Nevertheless, these numbers have gained wide currency. They were echoed in the Intergovernmental Panel on Climate Change's latest assessment (IPCC, 2007), and major review papers in highly-regarded peer-reviewed journals such as Nature (Patz et al., 2005), Lancet (McMichael et al., 2006), Environmental Health Perspectives (Campbell-Lendrum and Woodruff, 2006), and the UCL-Lancet Commission report (Costello et al., 2009a).

On the strength of these numbers, as well as prognostications about the future impacts of climate change, some have declared that global warming is among the most important threats to public health. Costello et al. (2009a) went so far as to claim that it is the "biggest global health threat" of the 21st century.

In an exchange in the Lancet, Goklany (2009a) pointed out that the Commission had failed to provide a comparative analysis of the different health threats to support its claim that global warming, in fact, outranks all others. He then provided precisely such an analysis, also based on the 2002 World Health Report. That analysis, later expanded into a longer paper (Goklany 2009b), showed that with respect to the present, at least 20 other health risks outranked global warming currently.
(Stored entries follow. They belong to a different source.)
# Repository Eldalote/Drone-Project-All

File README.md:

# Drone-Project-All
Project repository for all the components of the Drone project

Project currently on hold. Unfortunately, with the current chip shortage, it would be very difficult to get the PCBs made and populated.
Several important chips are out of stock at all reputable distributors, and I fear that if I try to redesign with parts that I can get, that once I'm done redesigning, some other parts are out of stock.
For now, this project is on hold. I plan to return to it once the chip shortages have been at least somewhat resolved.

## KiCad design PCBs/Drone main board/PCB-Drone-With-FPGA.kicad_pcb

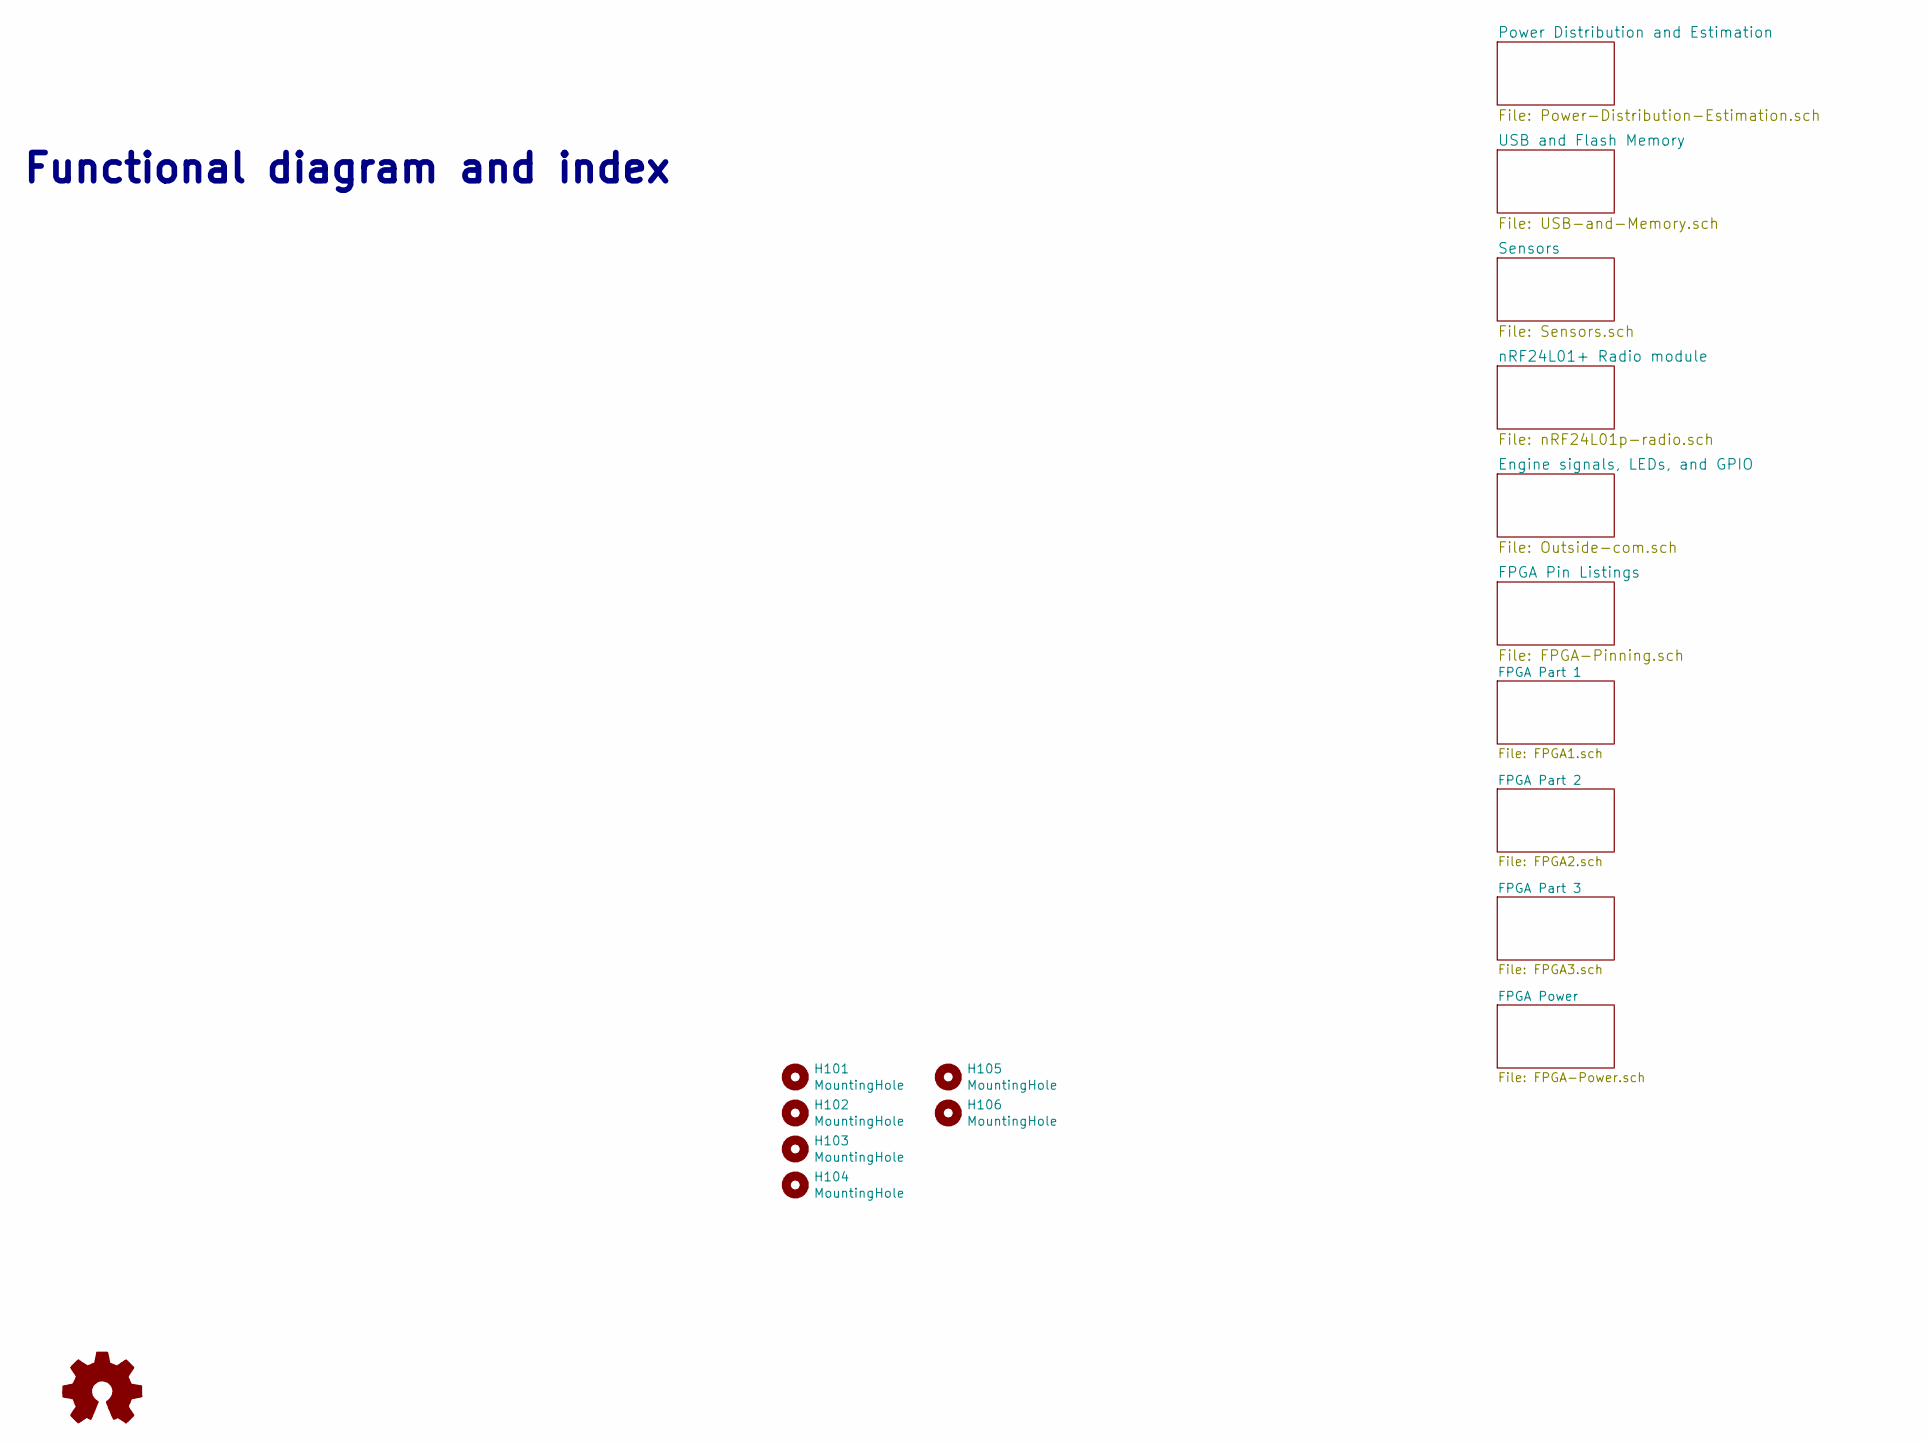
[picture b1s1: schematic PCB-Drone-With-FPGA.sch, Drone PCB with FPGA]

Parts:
H101, H102, H103, H104: MountingHole; MountingHole_3.2mm_M3
H105, H106: MountingHole; MountingHole_6mm
LOGO101: Logo_Open_Hardware_Small; OSHW-Logo_5.7x6mm_SilkScreen

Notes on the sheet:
Functional diagram and index

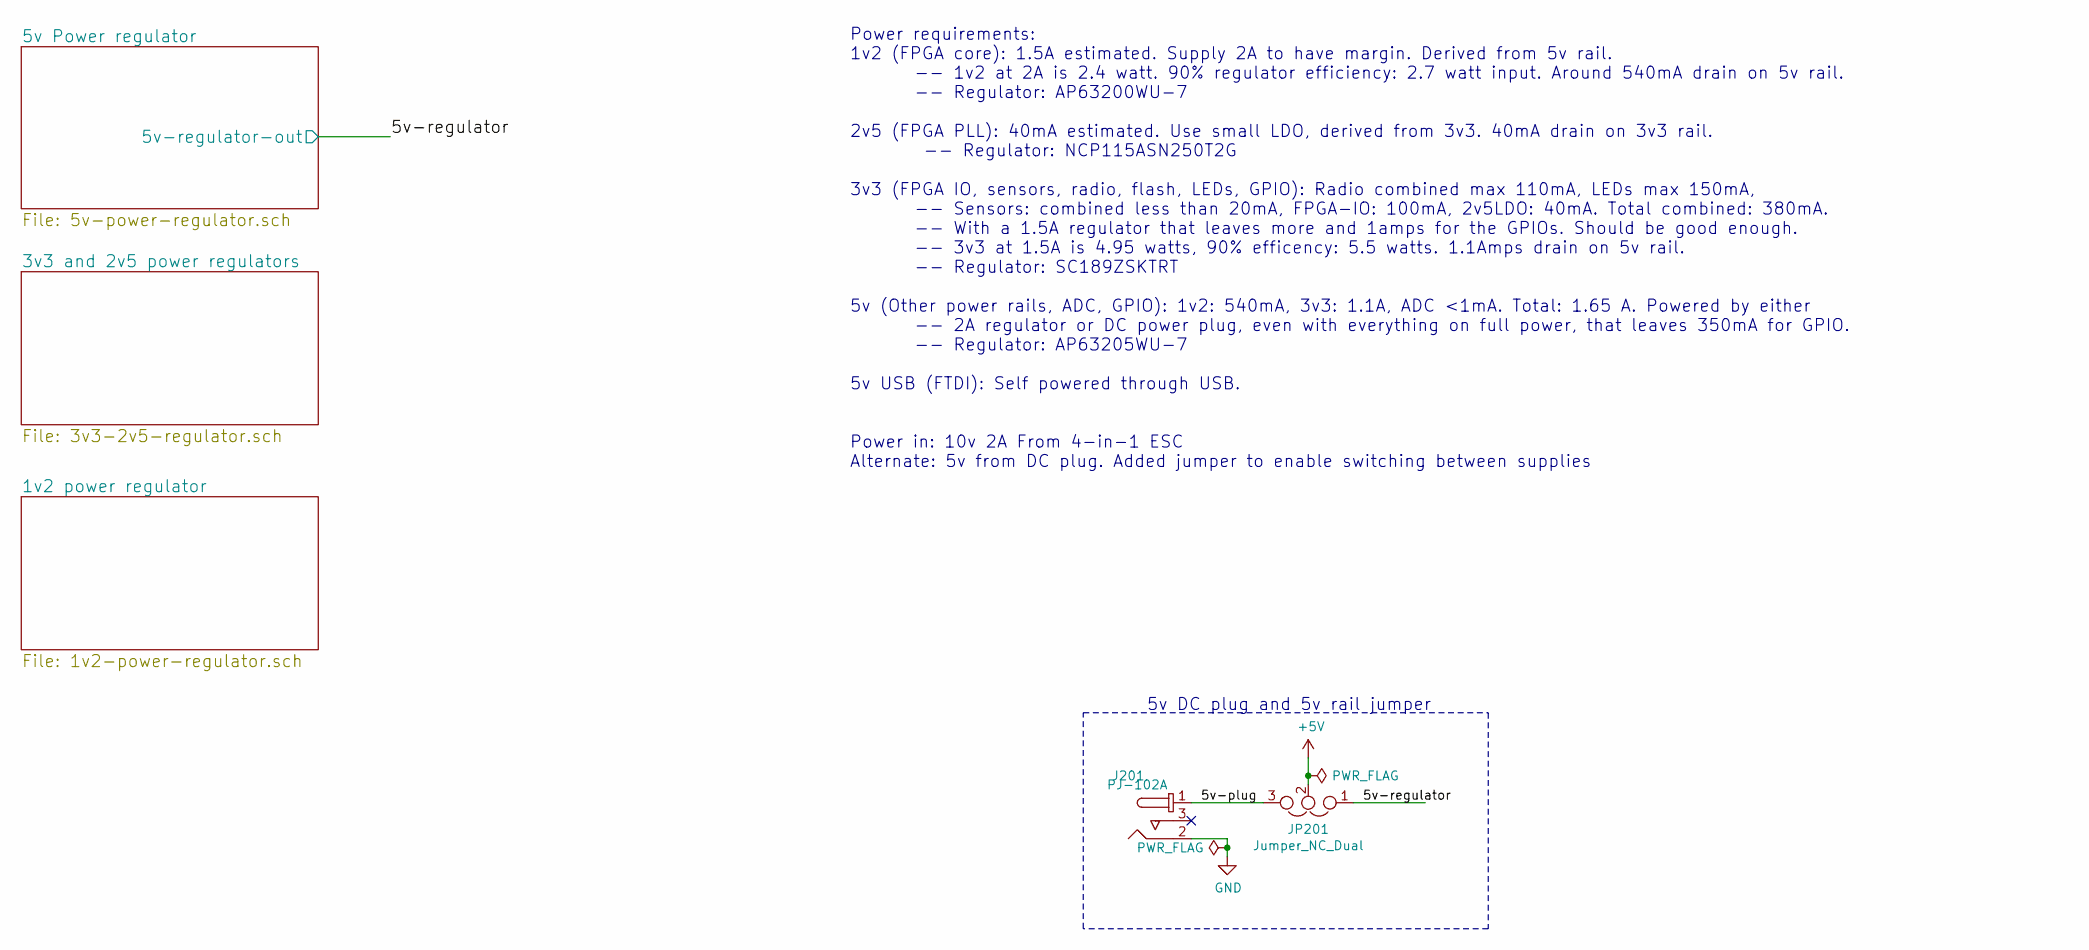
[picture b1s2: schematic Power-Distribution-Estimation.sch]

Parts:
J201: PJ-102A; Barrel_Jack_5.5mmODx2.1mmID_PJ-102A
JP201: Jumper_NC_Dual; PinHeader_1x03_P2.54mm_Vertical

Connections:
+5V: JP201.2; also elsewhere on the board
/Power Distribution and Estimation/5v-plug: J201.1, JP201.3
/Power Distribution and Estimation/5v-regulator: JP201.1; also elsewhere on the board
GND: J201.2; also elsewhere on the board

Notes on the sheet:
Power requirements: 1v2 (FPGA core): 1.5A estimated. Supply 2A to have margin. Derived from 5v rail. -- 1v2 at 2A is 2.4 watt. 90% regulator efficiency: 2.7 watt input. Around 540mA drain on 5v rail. -- Regulator: AP63200WU-7 2v5 (FPGA PLL): 40mA estimated. Use small LDO, derived from 3v3. 40mA dra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
5v DC plug and 5v rail jumper

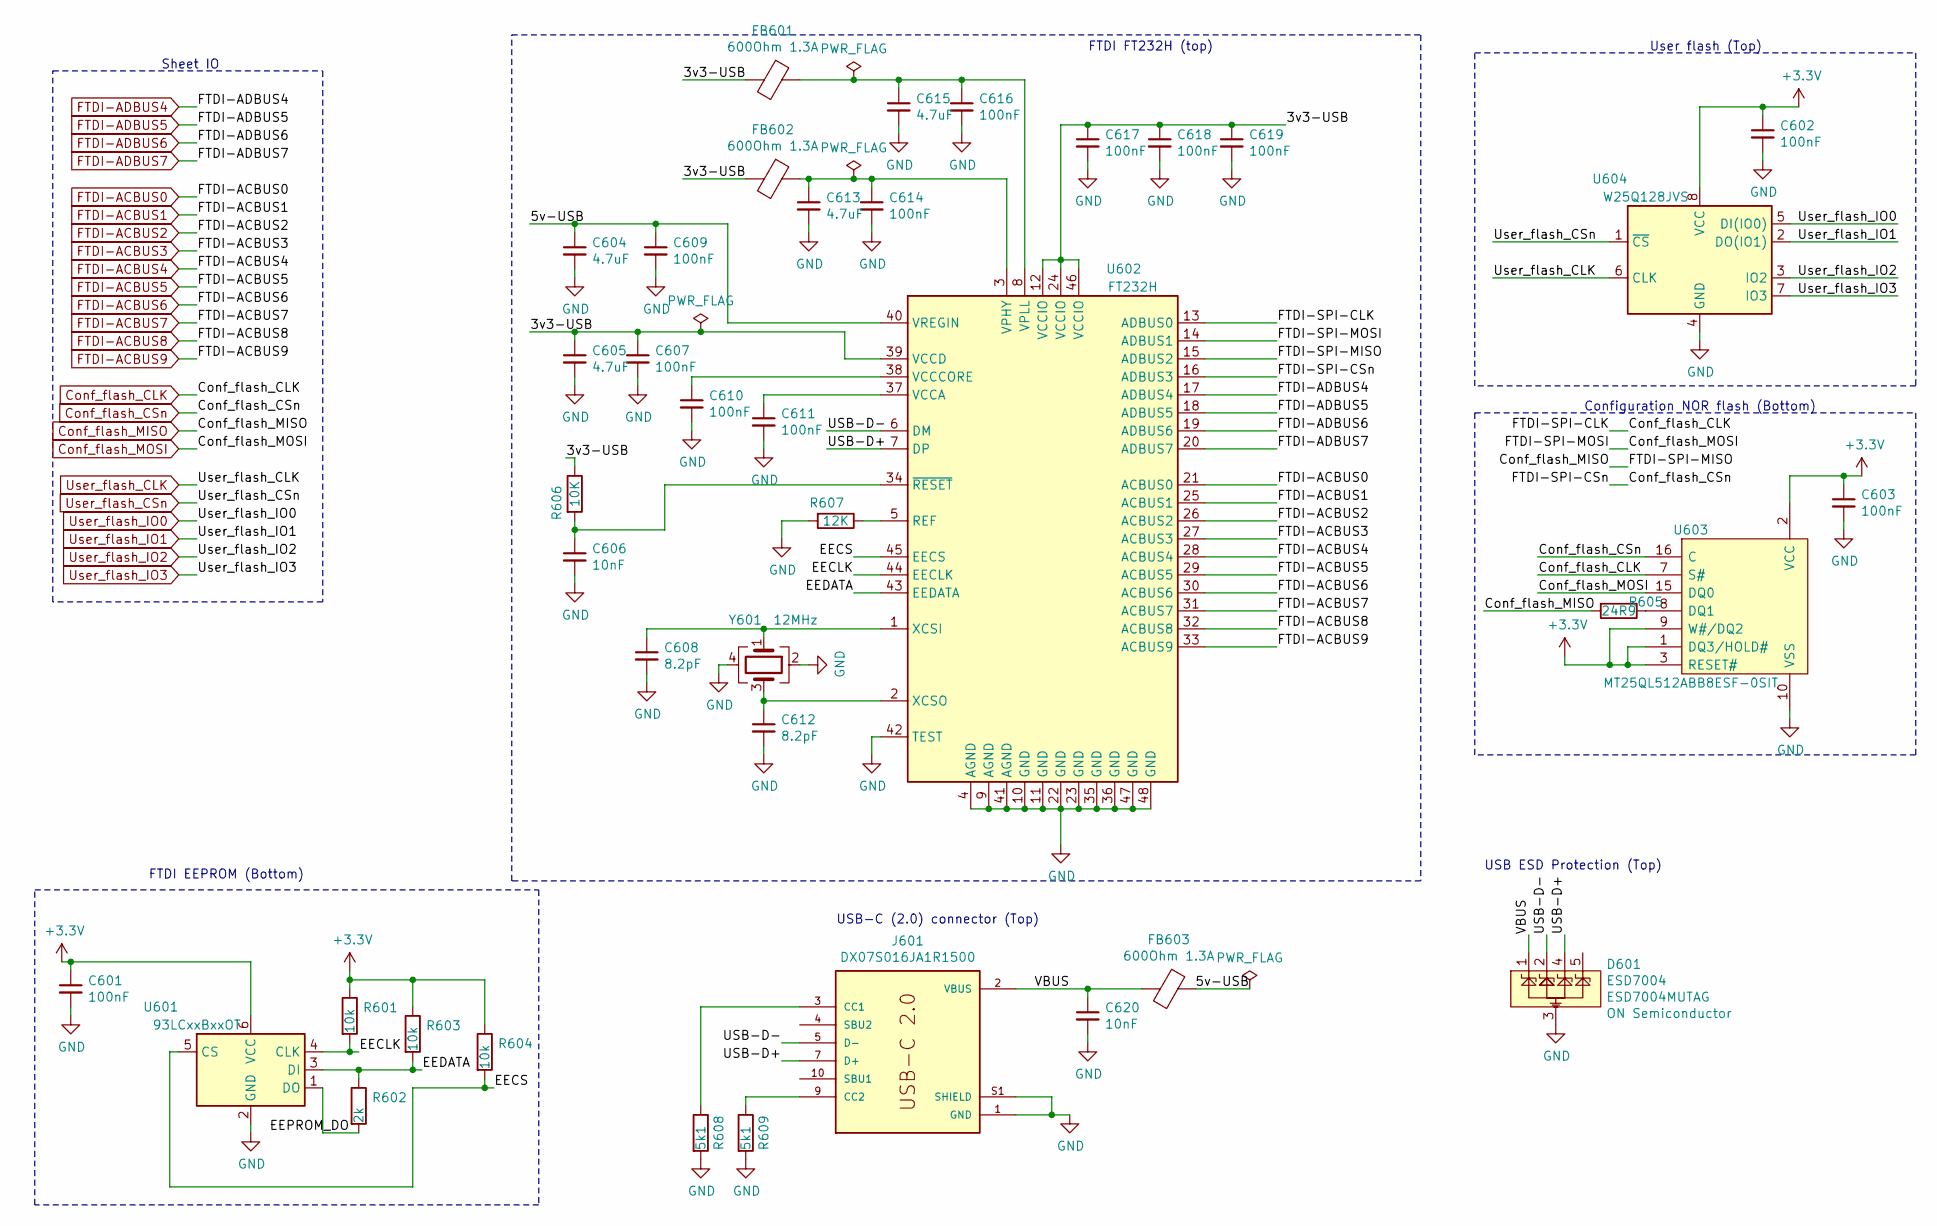
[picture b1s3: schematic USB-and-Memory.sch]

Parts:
C601, C602, C603, C607, C609, C610, C611, C614, C616, C617, C618, C619: 100nF; C_0402_1005Metric
C604, C605, C613, C615: 4.7uF; C_0402_1005Metric
C606, C620: 10nF; C_0402_1005Metric
C608, C612: 8.2pF; C_0402_1005Metric
D601: ESD7004; Diodes_UDFN-10_1.0x2.5mm_P0.5mm
FB601, FB602, FB603: 600Ohm 1.3A; R_0603_1608Metric
J601: DX07S016JA1R1500; JAE_DX07S016JA1R1500
R601, R603, R604: 10k; R_0402_1005Metric
R602: 2k; R_0402_1005Metric
R605: 24R9; R_0402_1005Metric
R606: 10K; R_0402_1005Metric
R607: 12K; R_0402_1005Metric
R608, R609: 5k1; R_0402_1005Metric
U601: 93LCxxBxxOT; SOT-23-6
U602: FT232H; LQFP-48_7x7mm_P0.5mm
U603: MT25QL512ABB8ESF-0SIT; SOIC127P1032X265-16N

Regarding the foreseeable future (defined as 2085), using results from the British government sponsored Fast Track Assessments (FTAs) of the global impact of warming (Arnell et al., 2002; Parry, 2004) and WHO mortality data, he estimated that the contribution of global warming to cumulative mortality from various health risks would, even under the warmest IPCC scenario, be 13%.

Thus, he concluded, global warming is unlikely to be now, or in the foreseeable future, the world's most important health threat. In response to Goklany (2009a), on behalf of the Commission, Costello et al. (2009b) argued that the former had used old studies-although the Commission itself had relied on the results of the very same studies.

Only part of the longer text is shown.